Published in Discorder Magazine, March 2012
Written by Jennesia Pedri
In an interview from 2008, Lady Gaga puckered up and planted a kiss on an issue of Discorder Magazine. The cover featured a photo of American transgender icon Amanda Lepore, who earlier that year played the pop star’s Fame Ball. Over three years later, I sit down to interview the CiTR radio personality who captured Gaga and Discorder’s first kiss. Pointing my audio recorder in his direction, I start the interview. “Who are you?” Leaning into the recorder with a smile he says, “Nardwuar the Human Serviette from Vancouver, British Columbia.”
Sitting in the basement of Neptoon Records, we’re surrounded by thousands of vinyl albums, alphabetized from floor to ceiling on all four sides. It’s an audiophile’s paradise, and a fitting spot to interview with Vancouver’s plaid-clad audio aficionado about his new compilation LP,Busy Doing Nothing.
Wearing his trademark golf-style cap with detachable pom-pom (a gift upon his mother’s return from a visit to Scotland), Nardwuar is to the Canadian music scene what Don Cherry is to our national pastime. After years of witnessing his unabashed approach to interviewing musicians and quizzing them on music-related minutia, it’s hard to picture a nervous Nardwuar’s first day at CiTR back in his early days as a student at UBC.
“I learned everything at the CiTR,” he says. Recalling those first few intimidating years he adds, “Yeah I never really knew much about music. I guess it was just because I didn’t know anything that I tried to find the interesting information.”
Today the inside of Nardwuar’s brain is a library of endless album info. His preparedness and unpredictable interview material have impressed the likes of Michael Moore, Jay-Z and Snoop Dogg. He’s garnered a reputation for turning up to interviews prepared with rare music artifacts in hand and will always be remembered as the toque-wearing university reporter who had the guts to tell Soviet Statesman Mikhail Gorbachev during a press conference to “keep rockin’ in the free world” in Russian.
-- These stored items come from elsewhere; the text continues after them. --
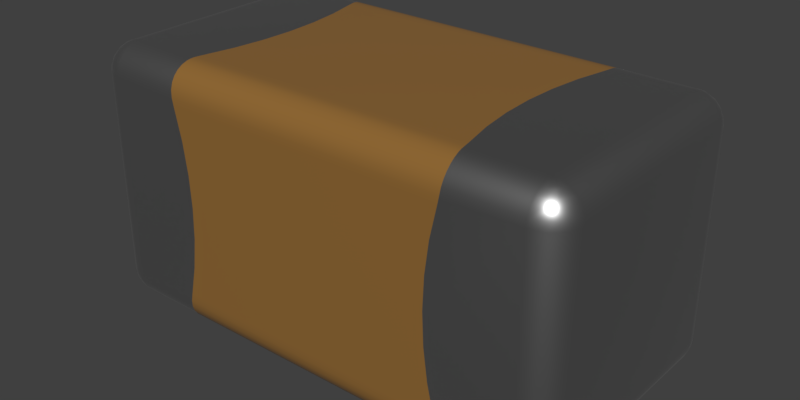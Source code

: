 # Source: C1608X7R1E224K080AC.blend  (saved by Blender 2.90.8; exported with 4.5.12 LTS)
import bpy
from mathutils import Matrix  # noqa: F401  (used for matrix-valued properties, if any)

bpy.ops.wm.read_factory_settings(use_empty=True)
scene = bpy.context.scene
scene.name = 'Scene'

# ---- collections
col_collection_1 = bpy.data.collections.new('Collection 1'); scene.collection.children.link(col_collection_1)

# ---- materials (node trees are filled in below, after node groups)
mat_metal = bpy.data.materials.new('Metal')
mat_metal.alpha_threshold = 0.0
mat_metal.diffuse_color = (0.3587, 0.3587, 0.3587, 1.0)
mat_metal.specular_color = (0.2597, 0.2597, 0.2597)
mat_metal.roughness = 0.5
mat_metal.specular_intensity = 0.1643
mat_brown_ceramic = bpy.data.materials.new('Brown Ceramic')
mat_brown_ceramic.alpha_threshold = 0.0
mat_brown_ceramic.diffuse_color = (0.2961, 0.147, 0.0356, 1.0)
mat_brown_ceramic.specular_color = (0.18, 0.18, 0.18)
mat_brown_ceramic.roughness = 0.5
mat_brown_ceramic.specular_intensity = 0.3

# ---- node groups
ng_metallic = bpy.data.node_groups.new('Metallic', 'ShaderNodeTree')
_s = ng_metallic.interface.new_socket(name='BSDF', in_out='OUTPUT', socket_type='NodeSocketShader')
_s = ng_metallic.interface.new_socket(name='Base Color', in_out='INPUT', socket_type='NodeSocketColor')
_s.default_value = (0.5906, 0.5906, 0.5906, 1.0)
_N = ng_metallic.nodes; _L = ng_metallic.links
n0 = _N.new('ShaderNodeBsdfPrincipled'); n0.name = 'Principled BSDF'; n0.location = (0, 0)
n0.width = 150
n0.subsurface_method = 'BURLEY'
n0.inputs[1].default_value = 1.0
n0.inputs[2].default_value = 0.4
n0.inputs[3].default_value = 1.45
n0.inputs[9].default_value = (1.0, 1.0, 1.0)
n0.inputs[27].default_value = (0.0, 0.0, 0.0, 1.0)
n0.inputs[28].default_value = 1.0
n1 = _N.new('NodeGroupInput'); n1.name = 'Group Input'; n1.location = (-200, 0)
n2 = _N.new('NodeGroupOutput'); n2.name = 'Group Output'; n2.location = (200, 0)
_L.new(n0.outputs[0], n2.inputs[0])
_L.new(n1.outputs[0], n0.inputs[0])
n2.is_active_output = True
ng_ceramic = bpy.data.node_groups.new('Ceramic', 'ShaderNodeTree')
_s = ng_ceramic.interface.new_socket(name='Surface', in_out='OUTPUT', socket_type='NodeSocketShader')
_s = ng_ceramic.interface.new_socket(name='Base Color', in_out='INPUT', socket_type='NodeSocketColor')
_s.default_value = (1.0, 1.0, 1.0, 1.0)
_N = ng_ceramic.nodes; _L = ng_ceramic.links
n0 = _N.new('NodeGroupInput'); n0.name = 'Group Input'; n0.location = (-200, 0)
n1 = _N.new('ShaderNodeBsdfPrincipled'); n1.name = 'Princioked BSDF'; n1.location = (10, 49)
n1.width = 150
n1.subsurface_method = 'BURLEY'
n1.inputs[2].default_value = 0.2
n1.inputs[3].default_value = 1.45
n1.inputs[9].default_value = (1.0, 1.0, 1.0)
n1.inputs[27].default_value = (0.0, 0.0, 0.0, 1.0)
n1.inputs[28].default_value = 1.0
n2 = _N.new('NodeGroupOutput'); n2.name = 'Group Output'; n2.location = (244, 61)
_L.new(n1.outputs[0], n2.inputs[0])
_L.new(n0.outputs[0], n1.inputs[0])
n2.is_active_output = True

# ---- material node trees
mat_metal.use_nodes = True; mat_metal.node_tree.nodes.clear()
_N = mat_metal.node_tree.nodes; _L = mat_metal.node_tree.links
n0 = _N.new('ShaderNodeOutputMaterial'); n0.name = 'Material Output'; n0.location = (300, 300)
n1 = _N.new('ShaderNodeGroup'); n1.name = 'Metallic'; n1.location = (-10, 195)
n1.label = 'Metallic'
n1.node_tree = ng_metallic
n1.inputs[0].default_value = (0.5906, 0.5906, 0.5906, 1.0)
_L.new(n1.outputs[0], n0.inputs[0])
n0.is_active_output = True
mat_brown_ceramic.use_nodes = True; mat_brown_ceramic.node_tree.nodes.clear()
_N = mat_brown_ceramic.node_tree.nodes; _L = mat_brown_ceramic.node_tree.links
n0 = _N.new('ShaderNodeOutputMaterial'); n0.name = 'Material Output'; n0.location = (380, 200)
n1 = _N.new('ShaderNodeGroup'); n1.name = 'Group'; n1.location = (118, 108)
n1.node_tree = ng_ceramic
n1.inputs[0].default_value = (0.2961, 0.147, 0.0356, 1.0)
_L.new(n1.outputs[0], n0.inputs[0])
n0.is_active_output = True

# ---- world
world_world = bpy.data.worlds.new('World'); scene.world = world_world
world_world.color = (0.05088, 0.05088, 0.05088)
world_world.use_sun_shadow = False
world_world.sun_shadow_jitter_overblur = 0.0
world_world.cycles.sampling_method = 'MANUAL'

# ---- meshes
me_c1608x7r1e224k080ac = bpy.data.meshes.new('C1608X7R1E224K080AC')
me_c1608x7r1e224k080ac.from_pydata([(0.5011, -0.447, 0.07552), (-0.4981, -0.45, 0.1), (-0.5011, -0.447, 0.07552), (0.4981, -0.45, 0.1), (0.503, -0.4391, 0.05466), (-0.503, -0.4391, 0.05466), (0.5038, -0.4282, 0.03772), (-0.5038, -0.4282, 0.03772), (0.5039, -0.4142, 0.0233), (-0.5039, -0.4142, 0.0233), (0.5031, -0.3975, 0.01201), (-0.5031, -0.3975, 0.01201), (0.5016, -0.379, 0.004284), (-0.5016, -0.379, 0.004284), (0.5, -0.3646, 0.001074), (-0.5, -0.3646, 0.001074), (0.4981, -0.35, 1.461e-17), (-0.4981, -0.35, -1.504e-17), (-0.75, -0.45, 0.1), (-0.75, -0.4466, 0.07412), (-0.75, -0.4366, 0.05), (-0.75, -0.4207, 0.02929), (-0.75, -0.4, 0.0134), (-0.75, -0.3759, 0.003407), (-0.75, -0.35, -3.438e-17), (0.75, -0.45, 0.1), (0.75, -0.4466, 0.07412), (0.75, -0.4366, 0.05), (0.75, -0.4207, 0.02929), (0.75, -0.4, 0.0134), (0.75, -0.3759, 0.003407), (0.75, -0.35, 5.218e-17), (0.4931, -0.3254, 1.562e-17), (0.4968, -0.3417, 1.573e-17), (0.4951, -0.3335, 1.568e-17), (0.4968, 0.3417, 1.573e-17), (0.4951, 0.3335, 1.568e-17), (0.4931, 0.3254, 1.562e-17), (0.4981, 0.35, 1.461e-17), (-0.4931, -0.3254, -1.562e-17), (-0.4968, -0.3417, -1.573e-17), (-0.4951, -0.3335, -1.568e-17), (0.4692, -0.2184, 1.486e-17), (-0.4692, -0.2184, -1.486e-17), (0.4548, -0.1096, 1.44e-17), (-0.4548, -0.1096, -1.44e-17), (0.45, -2.385e-07, 1.425e-17), (-0.45, -2.384e-07, -1.425e-17), (0.4548, 0.1096, 1.44e-17), (-0.4548, 0.1096, -1.44e-17), (0.4692, 0.2184, 1.486e-17), (-0.4692, 0.2184, -1.486e-17), (-0.4931, 0.3254, -1.562e-17), (-0.4968, 0.3417, -1.573e-17), (-0.4951, 0.3335, -1.568e-17), (-0.4981, 0.35, -1.504e-17), (-0.4981, -0.45, 0.8), (-0.4968, -0.45, 0.7917), (-0.4931, -0.45, 0.7754), (-0.4951, -0.45, 0.7835), (-0.4931, -0.45, 0.1246), (-0.4951, -0.45, 0.1165), (-0.4968, -0.45, 0.1083), (0.4951, -0.45, 0.7835), (0.4968, -0.45, 0.7917), (0.4931, -0.45, 0.7754), (0.4981, -0.45, 0.8), (-0.4692, -0.45, 0.6684), (0.4692, -0.45, 0.6684), (-0.4548, -0.45, 0.5596), (0.4548, -0.45, 0.5596), (-0.45, -0.45, 0.45), (0.45, -0.45, 0.45), (-0.4548, -0.45, 0.3404), (0.4548, -0.45, 0.3404), (-0.4692, -0.45, 0.2316), (0.4692, -0.45, 0.2316), (0.4931, -0.45, 0.1246), (0.4951, -0.45, 0.1165), (0.4968, -0.45, 0.1083), (-0.75, -0.45, 0.8), (-0.8337, -0.3724, 0.05), (-0.825, -0.3933, 0.05), (-0.8392, -0.387, 0.07412), (-0.8458, -0.3626, 0.07412), (-0.8366, -0.35, 0.05), (-0.7691, -0.3962, 0.0134), (-0.7611, -0.4198, 0.02929), (-0.7821, -0.413, 0.02929), (-0.813, -0.3821, 0.02929), (-0.8, -0.4, 0.02929), (-0.7567, -0.375, 0.003407), (-0.7854, -0.3854, 0.0134), (-0.8198, -0.3611, 0.02929), (-0.8207, -0.35, 0.02929), (-0.8, -0.35, 0.0134), (-0.7962, -0.3691, 0.0134), (-0.775, -0.3567, 0.003407), (-0.7759, -0.35, 0.003407), (-0.7713, -0.3818, 0.007612), (-0.755, -0.3621, 0.0008555), (-0.7683, -0.3683, 0.003407), (-0.7818, -0.3713, 0.007612), (-0.7621, -0.355, 0.0008555), (-0.7536, -0.3554, 0.0002141), (-0.7626, -0.4458, 0.07412), (-0.7759, -0.4466, 0.1), (-0.787, -0.4392, 0.07412), (-0.8, -0.4366, 0.1), (-0.8088, -0.4266, 0.07412), (-0.8207, -0.4207, 0.1), (-0.7724, -0.4337, 0.05), (-0.8266, -0.4088, 0.07412), (-0.8366, -0.4, 0.1), (-0.7933, -0.425, 0.05), (-0.8466, -0.3759, 0.1), (-0.8112, -0.4112, 0.05), (-0.85, -0.35, 0.1), (-0.8466, -0.35, 0.07412), (-0.75, 0.35, -3.438e-17), (0.75, 0.35, 5.68e-17), (0.7724, -0.4337, 0.05), (0.7933, -0.425, 0.05), (0.787, -0.4392, 0.07412), (0.7626, -0.4458, 0.07412), (0.7962, -0.3691, 0.0134), (0.8, -0.35, 0.0134), (0.8198, -0.3611, 0.02929), (0.813, -0.3821, 0.02929), (0.7821, -0.413, 0.02929), (0.8, -0.4, 0.02929), (0.775, -0.3567, 0.003407), (0.7759, -0.35, 0.003407), (0.7854, -0.3854, 0.0134), (0.7611, -0.4198, 0.02929), (0.7691, -0.3962, 0.0134), (0.7567, -0.375, 0.003407), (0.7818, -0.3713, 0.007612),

Connecting the dots between artists and odd bits of little-known Vancouver facts is one of the many ways Nardwuar has promoted local talent over the years. On the new album, Nardwuar, his band The Evaporators, and a handful of other artists pay homage to some Canadian classics.
In regards to his own long-running outfit, Nardwuar traces his history with the band’s guitarist John Collins, bassist/vocalist Stephen Hamm and current drummer Shawn Mrazek back to his early broadcast days at CiTR; Nardwuar met the band’s original drummer, Scott Livingstone doing push-ups back in high school phys-ed class. “Your dreams can come true in high school PE!” he says excitedly, and we both laugh. And of course, it was during an interview at the radio station that Nardwuar also met friend and past collaborator Andrew W.K.
The follow up to The Evaporators’ 2009 shared seven-inch with W.K., A Wild Pear, Busy Doing Nothing initially started off as another split with post-punks Franz Ferdinand. The Scottish group’s proposed contribution? A take on iconic Vancouver power pop group the Pointed Sticks’ “Real Thing.”
Soon enough, though, Nardwuar had attached UK indie-rockers the Cribs, who cover the Dishrags’ “Death In The Family,” and Kate Nash, who performs a fabulous rendition of the 90s all-girl cuddlecore favourites Cub’s “My Chinchilla,” to the project and had to upgrade to a compilation LP. Other guest spots on the album include Montreal’s Fuad & The Feztones covering the Evaporators’ original “Welcome To My Castle,” and the package also comes with a 40-page calendar of band shots, both candid and in concert, by local photographer Bev Davies.
On top of being a throw-back that tips its hat to some of Vancouver’s finest punk bands, The Evaporators also contribute some new tunes. The band once again work with Andrew W.K. on opening number “I Hate Being Late When I’m Early,” which references all the times Nardwuar has been late for his Friday afternoon radio show. The two can be seen running through the halls and jamming in the lounge of CiTR in a video for the song.
“How do you end up being late when you’re early?” I ask Nardwuar.
“I get distracted!” he confesses. Finishing up our conversation, I had to share the irony of getting trapped in traffic with the words to “I Hate Being Late” stuck in my head, after having left my house early for our interview. (Thanks to the burgundy Honda Civic that pulled away, opening up a parking spot three feet from the front doors of Neptoon Records, I made it just in time.) Pointing the recorder back in Nardwuar’s direction I ask, “Should I do it or should you?”
With this he immediately responds with his signature, “Doot Doola Doot Doo,” pausing to wait for my, “Doot Doot!”